From the Laboratories of Animal Biology of the State University of Iowa.
In studying embryos of the pig for the purpose of tracing the development of the sympathetic nervous system, the writer has been interested in the evidence for the migration of nervous elements from the neural tube along the fibers of the peripheral nerves. In a recent paper I have described the migration of medullary cells, among which are to be recognized cells of an indifferent character and neuroblasts, into the dorsal and ventral nerve-roots.

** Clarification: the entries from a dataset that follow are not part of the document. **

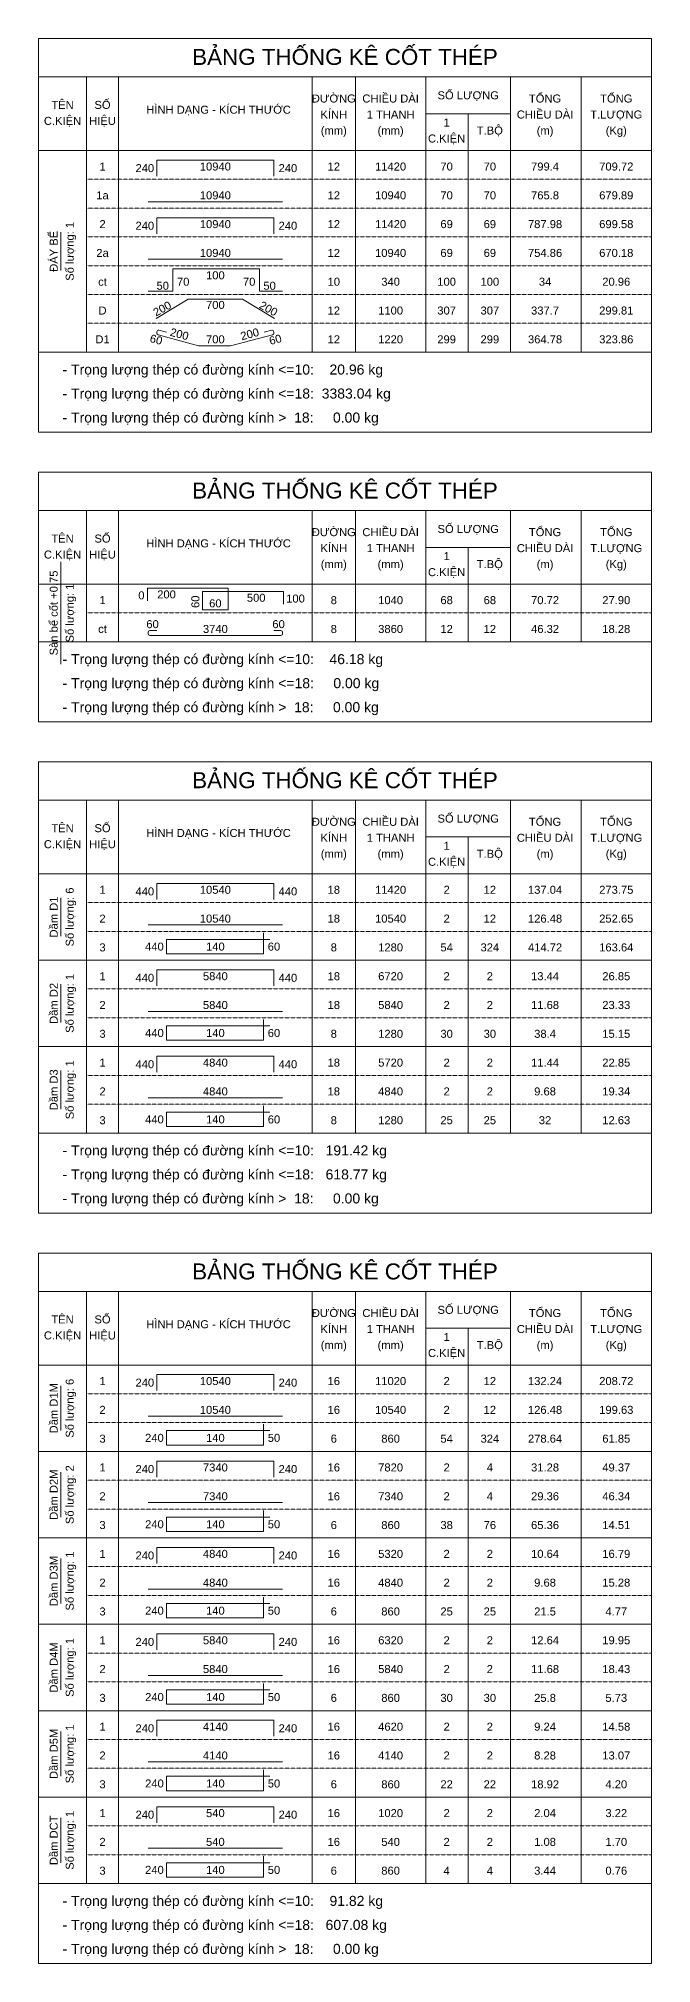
# Model space of a CAD drawing. Header units: inches. Extents: x 0 to 9575, y -420350 to -314000.
# Drawn here: x 0 to 9575, y -344075 to -314000 of the extents above; entities that cross this region are included whole.
import ezdxf
from ezdxf.enums import TextEntityAlignment as Align

# ---------------------------------------------------------------- set-up
doc = ezdxf.new("R2010")
doc.units = ezdxf.units.IN
doc.header["$MEASUREMENT"] = 0
doc.linetypes.add('HIDDENX2', pattern=[0.75, 0.5, -0.25])
for name, color, linetype, lineweight in [('Bao', 2, 'Continuous', 0), ('NetMo', 9, 'HIDDENX2', 0), ('Steel', 4, 'Continuous', 0), ('Text', 2, 'Continuous', 0), ('TextThep', 7, 'Continuous', 0)]:
    doc.layers.add(name, color=color, linetype=linetype, lineweight=lineweight)
doc.styles.add('Hoa', font='micross_0.ttf')
doc.styles.add('Thuong', font='micross_0.ttf')

msp = doc.modelspace()

# ---------------------------------------------------------------- linework, layer by layer
at = {"layer": 'Bao'}
for p, q in [((0, -314000), (9575, -314000)), ((0, -314000), (0, -320150)), ((9575, -314000), (9575, -320150)), ((0, -314600), (9575, -314600)), ((750, -314600), (750, -318900)), ((1250, -314600), (1250, -318900)), ((4275, -314600), (4275, -318900)), ((4950, -314600), (4950, -318900)), ((6050, -314600), (6050, -318900)), ((7375, -314600), (7375, -318900)), ((8475, -314600), (8475, -318900)), ((6050, -315175), (7375, -315175)), ((6712.5, -315175), (6712.5, -318900)), ((0, -315750), (9575, -315750)), ((0, -320775), (9575, -320775)), ((0, -320775), (0, -324675)), ((9575, -320775), (9575, -324675)), ((0, -321375), (9575, -321375)), ((750, -321375), (750, -323425)), ((1250, -321375), (1250, -323425)), ((4275, -321375), (4275, -323425)), ((4950, -321375), (4950, -323425)), ((6050, -321375), (6050, -323425)), ((7375, -321375), (7375, -323425)), ((8475, -321375), (8475, -323425)), ((6050, -321950), (7375, -321950)), ((6712.5, -321950), (6712.5, -323425)), ((0, -322525), (9575, -322525)), ((0, -325300), (9575, -325300)), ((0, -325300), (0, -332350)), ((9575, -325300), (9575, -332350)), ((0, -325900), (9575, -325900)), ((750, -325900), (750, -331100)), ((1250, -325900), (1250, -331100)), ((4275, -325900), (4275, -331100)), ((4950, -325900), (4950, -331100)), ((6050, -325900), (6050, -331100)), ((7375, -325900), (7375, -331100)), ((8475, -325900), (8475, -331100)), ((6050, -326475), (7375, -326475)), ((6712.5, -326475), (6712.5, -331100)), ((0, -327050), (9575, -327050)), ((0, -332975), (9575, -332975)), ((0, -332975), (0, -344075)), ((9575, -332975), (9575, -344075)), ((0, -333575), (9575, -333575)), ((750, -333575), (750, -342825)), ((1250, -333575), (1250, -342825)), ((4275, -333575), (4275, -342825)), ((4950, -333575), (4950, -342825)), ((6050, -333575), (6050, -342825)), ((7375, -333575), (7375, -342825)), ((8475, -333575), (8475, -342825)), ((6050, -334150), (7375, -334150)), ((6712.5, -334150), (6712.5, -342825)), ((0, -334725), (9575, -334725))]:
    msp.add_line(p, q, dxfattribs=at)
at = {"layer": 'NetMo'}
for p, q in [((750, -316200), (9575, -316200)), ((750, -316650), (9575, -316650)), ((750, -317100), (9575, -317100)), ((750, -317550), (9575, -317550)), ((750, -318000), (9575, -318000)), ((750, -318450), (9575, -318450)), ((750, -318900), (9575, -318900)), ((750, -322975), (9575, -322975)), ((750, -323425), (9575, -323425)), ((750, -327500), (9575, -327500)), ((750, -327950), (9575, -327950)), ((750, -328400), (9575, -328400)), ((750, -328850), (9575, -328850)), ((750, -329300), (9575, -329300)), ((750, -329750), (9575, -329750)), ((750, -330200), (9575, -330200)), ((750, -330650), (9575, -330650)), ((750, -331100), (9575, -331100)), ((750, -335175), (9575, -335175)), ((750, -335625), (9575, -335625)), ((750, -336075), (9575, -336075)), ((750, -336525), (9575, -336525)), ((750, -336975), (9575, -336975)), ((750, -337425), (9575, -337425)), ((750, -337875), (9575, -337875)), ((750, -338325), (9575, -338325)), ((750, -338775), (9575, -338775)), ((750, -339225), (9575, -339225)), ((750, -339675), (9575, -339675)), ((750, -340125), (9575, -340125)), ((750, -340575), (9575, -340575)), ((750, -341025), (9575, -341025)), ((750, -341475), (9575, -341475)), ((750, -341925), (9575, -341925)), ((750, -342375), (9575, -342375)), ((750, -342825), (9575, -342825))]:
    msp.add_line(p, q, dxfattribs=at)
at = {"layer": 'Steel'}
for points in [[(1850, -316150), (1850, -315900), (3675, -315900), (3675, -316150)], [(1712.5, -316550), (3812.5, -316550)], [(1850, -317050), (1850, -316800), (3675, -316800), (3675, -317050)], [(1712.5, -317450), (3812.5, -317450)], [(1712.5, -317950), (2100, -317950), (2100, -317600), (3450, -317600), (3450, -317950), (3812.5, -317950)], [(1837.5, -318375), (2337.5, -318075), (3187.5, -318075), (3687.5, -318375)], [(1700, -322787.5), (1700, -322587.5), (2962.5, -322587.5), (2962.5, -322925), (2562.5, -322925), (2562.5, -322637.5), (3825, -322637.5), (3825, -322837.5)], [(1850, -327450), (1850, -327200), (3675, -327200), (3675, -327450)], [(1712.5, -327850), (3812.5, -327850)], [(3612.5, -328075), (2000, -328075), (2000, -328300), (3512.5, -328300), (3512.5, -327975)], [(1850, -328800), (1850, -328550), (3675, -328550), (3675, -328800)], [(1712.5, -329200), (3812.5, -329200)], [(3612.5, -329425), (2000, -329425), (2000, -329650), (3512.5, -329650), (3512.5, -329325)], [(1850, -330150), (1850, -329900), (3675, -329900), (3675, -330150)], [(1712.5, -330550), (3812.5, -330550)], [(3612.5, -330775), (2000, -330775), (2000, -331000), (3512.5, -331000), (3512.5, -330675)], [(1850, -335125), (1850, -334875), (3675, -334875), (3675, -335125)], [(1712.5, -335525), (3812.5, -335525)], [(3612.5, -335750), (2000, -335750), (2000, -335975), (3512.5, -335975), (3512.5, -335650)], [(1850, -336475), (1850, -336225), (3675, -336225), (3675, -336475)], [(1712.5, -336875), (3812.5, -336875)], [(3612.5, -337100), (2000, -337100), (2000, -337325), (3512.5, -337325), (3512.5, -337000)], [(1850, -337825), (1850, -337575), (3675, -337575), (3675, -337825)], [(1712.5, -338225), (3812.5, -338225)], [(3612.5, -338450), (2000, -338450), (2000, -338675), (3512.5, -338675), (3512.5, -338350)], [(1850, -339175), (1850, -338925), (3675, -338925), (3675, -339175)], [(1712.5, -339575), (3812.5, -339575)], [(3612.5, -339800), (2000, -339800), (2000, -340025), (3512.5, -340025), (3512.5, -339700)], [(1850, -340525), (1850, -340275), (3675, -340275), (3675, -340525)], [(1712.5, -340925), (3812.5, -340925)], [(3612.5, -341150), (2000, -341150), (2000, -341375), (3512.5, -341375), (3512.5, -341050)], [(1850, -341875), (1850, -341625), (3675, -341625), (3675, -341875)], [(1712.5, -342275), (3812.5, -342275)], [(3612.5, -342500), (2000, -342500), (2000, -342725), (3512.5, -342725), (3512.5, -342400)]]:
    msp.add_lwpolyline(points, dxfattribs=at)
for points in [[(2000, -318590), (1881.44, -318558.38, 0.49277346), (1850, -318582.54), (1850, -318605.84, 0.33912102), (1868.5, -318629.98), (2500, -318800), (3000, -318800), (3656.27, -318629.85, 0.34172122), (3675, -318605.65), (3675, -318582.54, 0.49277346), (3643.56, -318558.38), (3525, -318590)], [(1850, -323250), (1737.5, -323250, 0.41421356), (1712.5, -323275), (1712.5, -323300, 0.41421356), (1737.5, -323325), (3787.5, -323325, 0.41421356), (3812.5, -323300), (3812.5, -323275, 0.41421356), (3787.5, -323250), (3675, -323250)]]:
    msp.add_lwpolyline(points, format="xyb", dxfattribs=at)
at = {"layer": 'Text'}
for p, q in [((350, -317625), (350, -317025)), ((0, -318900), (9575, -318900)), ((0, -318900), (9575, -318900)), ((0, -320150), (9575, -320150)), ((350, -323775), (350, -322175)), ((0, -323425), (9575, -323425)), ((0, -323425), (9575, -323425)), ((0, -324675), (9575, -324675)), ((350, -328025), (350, -327425)), ((0, -328400), (9575, -328400)), ((350, -329375), (350, -328775)), ((0, -329750), (9575, -329750)), ((350, -330725), (350, -330125)), ((0, -331100), (9575, -331100)), ((0, -331100), (9575, -331100)), ((0, -332350), (9575, -332350)), ((350, -335750), (350, -335050)), ((0, -336075), (9575, -336075)), ((350, -337100), (350, -336400)), ((0, -337425), (9575, -337425)), ((350, -338450), (350, -337750)), ((0, -338775), (9575, -338775)), ((350, -339800), (350, -339100)), ((0, -340125), (9575, -340125)), ((350, -341150), (350, -340450)), ((0, -341475), (9575, -341475)), ((350, -342500), (350, -341800)), ((0, -342825), (9575, -342825)), ((0, -342825), (9575, -342825)), ((0, -344075), (9575, -344075))]:
    msp.add_line(p, q, dxfattribs=at)

# ---------------------------------------------------------------- texts
at = {"layer": 'Text', "color": 4, "style": 'Hoa'}
for p in [(4787.5, -314412.5), (4787.5, -321187.5), (4787.5, -325712.5), (4787.5, -333387.5)]:
    msp.add_text('BẢNG THỐNG KÊ CỐT THÉP', height=250, dxfattribs=at).set_placement(p, align=Align.CENTER)
at = {"layer": 'Text'}
for s, style, p in [('ĐƯỜNG', 'Hoa', (4612.5, -315000)), ('CHIỀU DÀI', 'Hoa', (5500, -315000)), ('SỐ LƯỢNG', 'Hoa', (6712.5, -314950)), ('TỔNG', 'Hoa', (7912.5, -315000)), ('TỔNG', 'Hoa', (9025, -315000)), ('TÊN', 'Hoa', (375, -315100)), ('SỐ', 'Hoa', (1000, -315100)), ('HÌNH DẠNG - KÍCH THƯỚC', 'Hoa', (2812.5, -315175)), ('KÍNH', 'Hoa', (4612.5, -315250)), ('1 THANH', 'Hoa', (5500, -315250)), ('CHIỀU DÀI', 'Hoa', (7912.5, -315250)), ('T.LƯỢNG', 'Hoa', (9025, -315250)), ('C.KIỆN', 'Hoa', (375, -315350)), ('HIỆU', 'Hoa', (1000, -315350)), ('(mm)', 'Thuong', (4612.5, -315500)), ('(mm)', 'Thuong', (5500, -315500)), ('C.KIỆN', 'Hoa', (6375, -315625)), ('1', 'Hoa', (6375, -315375)), ('T.BỘ', 'Hoa', (7050, -315500)), ('(m)', 'Thuong', (7912.5, -315500)), ('(Kg)', 'Thuong', (9025, -315500)), ('TÊN', 'Hoa', (375, -321875)), ('SỐ', 'Hoa', (1000, -321875)), ('HÌNH DẠNG - KÍCH THƯỚC', 'Hoa', (2812.5, -321950)), ('ĐƯỜNG', 'Hoa', (4612.5, -321775)), ('CHIỀU DÀI', 'Hoa', (5500, -321775)), ('SỐ LƯỢNG', 'Hoa', (6712.5, -321725)), ('TỔNG', 'Hoa', (7912.5, -321775)), ('TỔNG', 'Hoa', (9025, -321775)), ('C.KIỆN', 'Hoa', (375, -322125)), ('HIỆU', 'Hoa', (1000, -322125)), ('KÍNH', 'Hoa', (4612.5, -322025)), ('1 THANH', 'Hoa', (5500, -322025)), ('1', 'Hoa', (6375, -322150)), ('CHIỀU DÀI', 'Hoa', (7912.5, -322025)), ('T.LƯỢNG', 'Hoa', (9025, -322025)), ('(mm)', 'Thuong', (4612.5, -322275)), ('(mm)', 'Thuong', (5500, -322275)), ('C.KIỆN', 'Hoa', (6375, -322400)), ('T.BỘ', 'Hoa', (7050, -322275)), ('(m)', 'Thuong', (7912.5, -322275)), ('(Kg)', 'Thuong', (9025, -322275)), ('TÊN', 'Hoa', (375, -326400)), ('SỐ', 'Hoa', (1000, -326400)), ('ĐƯỜNG', 'Hoa', (4612.5, -326300)), ('CHIỀU DÀI', 'Hoa', (5500, -326300)), ('SỐ LƯỢNG', 'Hoa', (6712.5, -326250)), ('TỔNG', 'Hoa', (7912.5, -326300)), ('TỔNG', 'Hoa', (9025, -326300)), ('C.KIỆN', 'Hoa', (375, -326650)), ('HIỆU', 'Hoa', (1000, -326650)), ('HÌNH DẠNG - KÍCH THƯỚC', 'Hoa', (2812.5, -326475)), ('KÍNH', 'Hoa', (4612.5, -326550)), ('1 THANH', 'Hoa', (5500, -326550)), ('1', 'Hoa', (6375, -326675)), ('CHIỀU DÀI', 'Hoa', (7912.5, -326550)), ('T.LƯỢNG', 'Hoa', (9025, -326550)), ('(mm)', 'Thuong', (4612.5, -326800)), ('(mm)', 'Thuong', (5500, -326800)), ('C.KIỆN', 'Hoa', (6375, -326925)), ('T.BỘ', 'Hoa', (7050, -326800)), ('(m)', 'Thuong', (7912.5, -326800)), ('(Kg)', 'Thuong', (9025, -326800)), ('ĐƯỜNG', 'Hoa', (4612.5, -333975)), ('CHIỀU DÀI', 'Hoa', (5500, -333975)), ('SỐ LƯỢNG', 'Hoa', (6712.5, -333925)), ('TỔNG', 'Hoa', (7912.5, -333975)), ('TỔNG', 'Hoa', (9025, -333975)), ('TÊN', 'Hoa', (375, -334075)), ('SỐ', 'Hoa', (1000, -334075)), ('HÌNH DẠNG - KÍCH THƯỚC', 'Hoa', (2812.5, -334150)), ('KÍNH', 'Hoa', (4612.5, -334225)), ('1 THANH', 'Hoa', (5500, -334225)), ('CHIỀU DÀI', 'Hoa', (7912.5, -334225)), ('T.LƯỢNG', 'Hoa', (9025, -334225)), ('C.KIỆN', 'Hoa', (375, -334325)), ('HIỆU', 'Hoa', (1000, -334325)), ('(mm)', 'Thuong', (4612.5, -334475)), ('(mm)', 'Thuong', (5500, -334475)), ('1', 'Hoa', (6375, -334350)), ('T.BỘ', 'Hoa', (7050, -334475)), ('(m)', 'Thuong', (7912.5, -334475)), ('(Kg)', 'Thuong', (9025, -334475)), ('C.KIỆN', 'Hoa', (6375, -334600))]:
    msp.add_text(s, height=125, dxfattribs=dict(at, style=style)).set_placement(p, align=Align.CENTER)
at = {"layer": 'Text', "style": 'Hoa'}
for s, p in [('Số lượng: 1', (550, -317325)), ('ĐÁY BỂ', (300, -317325)), ('Sàn bể cốt +0.75', (300, -322975)), ('Số lượng: 1', (550, -322975)), ('Dầm D1', (300, -327725)), ('Số lượng: 6', (550, -327725)), ('Số lượng: 1', (550, -329075)), ('Dầm D2', (300, -329075)), ('Dầm D3', (300, -330425)), ('Số lượng: 1', (550, -330425)), ('Dầm D1M', (300, -335400)), ('Số lượng: 6', (550, -335400)), ('Dầm D2M', (300, -336750)), ('Số lượng: 2', (550, -336750)), ('Dầm D3M', (300, -338100)), ('Số lượng: 1', (550, -338100)), ('Dầm D4M', (300, -339450)), ('Số lượng: 1', (550, -339450)), ('Dầm D5M', (300, -340800)), ('Số lượng: 1', (550, -340800)), ('Dầm DCT', (300, -342150)), ('Số lượng: 1', (550, -342150))]:
    msp.add_text(s, height=125, rotation=90.00021, dxfattribs=at).set_placement(p, align=Align.CENTER)
for s, p in [('- Trọng lượng thép có đường kính <=10:    20.96 kg', (375, -319250)), ('- Trọng lượng thép có đường kính <=18:  3383.04 kg', (375, -319625)), ('- Trọng lượng thép có đường kính >  18:     0.00 kg', (375, -320000)), ('- Trọng lượng thép có đường kính <=10:    46.18 kg', (375, -323775)), ('- Trọng lượng thép có đường kính <=18:     0.00 kg', (375, -324150)), ('- Trọng lượng thép có đường kính >  18:     0.00 kg', (375, -324525)), ('- Trọng lượng thép có đường kính <=10:   191.42 kg', (375, -331450)), ('- Trọng lượng thép có đường kính <=18:   618.77 kg', (375, -331825)), ('- Trọng lượng thép có đường kính >  18:     0.00 kg', (375, -332200)), ('- Trọng lượng thép có đường kính <=10:    91.82 kg', (375, -343175)), ('- Trọng lượng thép có đường kính <=18:   607.08 kg', (375, -343550)), ('- Trọng lượng thép có đường kính >  18:     0.00 kg', (375, -343925))]:
    msp.add_text(s, height=156.25, dxfattribs=at).set_placement(p)
at = {"layer": 'TextThep', "style": 'Hoa'}
for s, p in [('1', (1000, -316100)), ('10940', (2762.5, -316100)), ('12', (4612.5, -316100)), ('1a', (1000, -316550)), ('10940', (2762.5, -316550)), ('12', (4612.5, -316550)), ('10940', (5500, -316550)), ('70', (6375, -316550)), ('70', (7050, -316550)), ('765.8', (7912.5, -316550)), ('679.89', (9025, -316550)), ('2', (1000, -317000)), ('10940', (2762.5, -317000)), ('12', (4612.5, -317000)), ('2a', (1000, -317450)), ('10940', (2762.5, -317450)), ('12', (4612.5, -317450)), ('10940', (5500, -317450)), ('69', (6375, -317450)), ('69', (7050, -317450)), ('754.86', (7912.5, -317450)), ('670.18', (9025, -317450)), ('ct', (1000, -317900)), ('10', (4612.5, -317900)), ('D', (1000, -318350)), ('12', (4612.5, -318350)), ('D1', (1000, -318800)), ('700', (2762.5, -318800)), ('12', (4612.5, -318800)), ('200', (2000, -322785)), ('500', (3400, -322837.5)), ('1', (1000, -322875)), ('60', (2762.5, -322925)), ('8', (4612.5, -322875)), ('ct', (1000, -323325)), ('60', (1781.25, -323250)), ('3740', (2762.5, -323325)), ('60', (3750, -323250)), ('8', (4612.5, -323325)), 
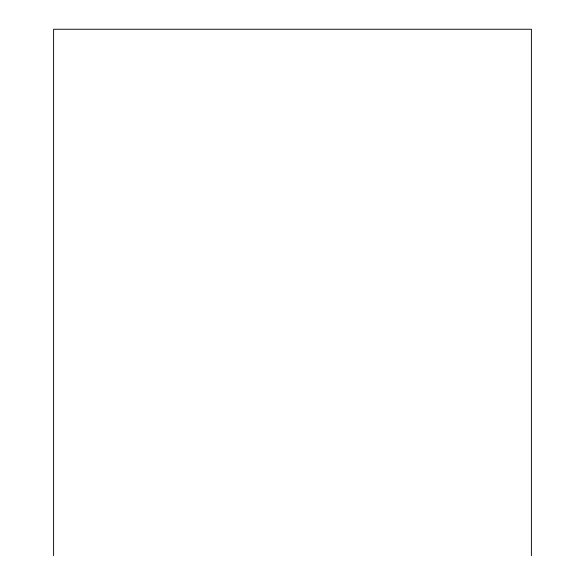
<?xml version="1.0" encoding="UTF-8"?>
<svg xmlns="http://www.w3.org/2000/svg" width="585" height="585" viewBox="0 0 585 585"><rect width="100%" height="100%" fill="white"/><g stroke="black" fill="none" stroke-linecap="round" stroke-linejoin="round"><path stroke-width="0.88" d="M531.399 555.75L531.399 29.25L53.601 29.25L53.601 555.75"/></g></svg>

- The Migration of Nervous Elements into the Dorsal and Ventral Nerve roots of Embryos of the Pig. Proceedings of the Iowa Academy of Science, Vol. 16.
In transverse sections of embryos of the pig 6 and 7 mm. in length breaches in the external limiting membrane of the neural tube occur quite frequently in the region of the dorsal nerve-roots. Through these breaches lines of cells practically touching each other end to end may be traced from the mantle layer into the proximal part of the dorsal nerve-roots (Fig. 1, dnr). Further evidence for the migration of medullary cells into the dorsal nerve-roots is afforded by the fact that in many sections of embryos 6 and 7 mm. long, where no breaches occur, cells are found in contact with the external limiting membrane inside the neural tube in the region of the dorsal nerve-roots. In embryos 9 mm. and over in length this region, as shown in Fig. 2, dnr., is always occupied by fibers of the dorsal nerve-root and rarely are cells found among them.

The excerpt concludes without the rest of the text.